Eugene O’Neill, Haiti, and Some Mexican Friends
But as with Melody and his daughter Sara, the pathos of Brutus Jones emerges in the subtle intelligence and cunning humor with which he tries to escape the chains that bind him. Brutus is caught between the past and the ambition to be something more, something touched on in a dream; what O’Neill consistently suggests is the American dream. And one thing that The Emperor Jones does do quite effectively is plumb the pretensions and shallows of that dream. The haunting beat of the tom-toms and the ghostly presence of the Native Haitians, those “bush niggers” that Brutus so derides, can be taken as an acknowledgement that other dreams, other ways of understanding and striving, might be possible; though they remain outside the circle of what Brutus, or we, can see.

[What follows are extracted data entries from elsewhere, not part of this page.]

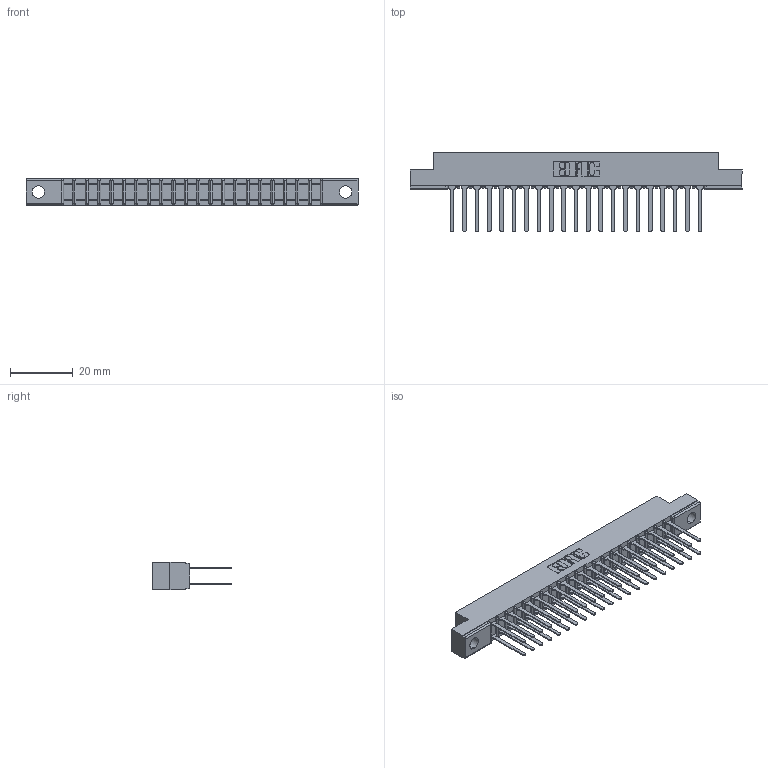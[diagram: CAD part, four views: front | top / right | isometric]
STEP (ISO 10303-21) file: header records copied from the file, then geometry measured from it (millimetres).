
FILE_DESCRIPTION (( 'STEP AP203' ), '1' );
FILE_NAME ('307-042-542-204.STEP', '2019-09-06T06:39:49', ( '' ), ( '' ), 'SwSTEP 2.0', 'SolidWorks 2016', '' );
FILE_SCHEMA (( 'CONFIG_CONTROL_DESIGN' ));
Length unit declared in the file: inch
Products named in the file (3): 307 Part_.156 Dia Mounting Holes; 307-042-542-204; 307-290-001_542
Assembly tree (43 placements, depth 2):
  307-042-542-204
    307 Part_.156 Dia Mounting Holes
    307-290-001_542  x42
Bounding box: 106.22 x 25.43 x 8.71 mm (x, y, z)
Volume: 7002.7 mm3; surface area: 13098.3 mm2
Topology: 43 solids, 43 shells, 2086 faces, 5819 edges, 3762 vertices
Faces by surface type: plane 1386, cylinder 656, sphere 44
Entity records: 21650 total; most frequent: CARTESIAN_POINT 3551, ORIENTED_EDGE 3514, DIRECTION 3479, EDGE_CURVE 1757, VECTOR 1347, LINE 1347, VERTEX_POINT 1138, AXIS2_PLACEMENT_3D 1066

Perhaps that hint of the possibility of other realities and other dreams that we cannot yet imagine, much less perceive or represent, is one powerful lesson that the play offers today. Since the tragic earthquake of January 2010, we in the U.S. have listened to an insistent drumbeat of talking-head dismissals of Haitians and sorrowful laments over their inability to run a country. In understanding Haiti “as a country beyond saving” (New York Times March 30, 2010), these spokespersons often presume Haiti’s “failed state” status as one of ontological origin, sadly embedded in the DNA of its beginnings in a slave-led revolution in 1791. Of course, our notorious national amnesia often writes out the 20-year U.S. occupation from 1915-1934, the long covert support given to both of the Duvalier regimes, and the rearrangement of the nation’s very geography, as well as its economic and governmental institutions, in order to reap maximum benefits for U.S. agri-business interests. This history of largely unseen actions has played a significant role in the forces that have kept the nation-state of Haiti struggling and won it the dubious recognition as the hemisphere’s poorest. With our other hand, as it were, the U.S. has of course worked tirelessly and earnestly to “repair” that country and to “support” Haiti’s efforts to overcome its many difficult histories.
While sustaining these efforts, as in this collection, is crucial, it may also be wise to keep in mind O’Neill’s bitter assessment of U.S. national culture and its many failures, particularly the overweening worship of the dollar, the arrogance of class-bound perceptions, and even his somewhat cynical dismissal of the unintended consequences of liberal fantasies of help. Not losing sight of such cautionary reminders in this era of good intentions and tragic challenges might help us refrain from the urge to judge and to “fix” these countries that are not ours, no matter how confident we are that, like Brutus, we “got brains and…uses ‘em quick.”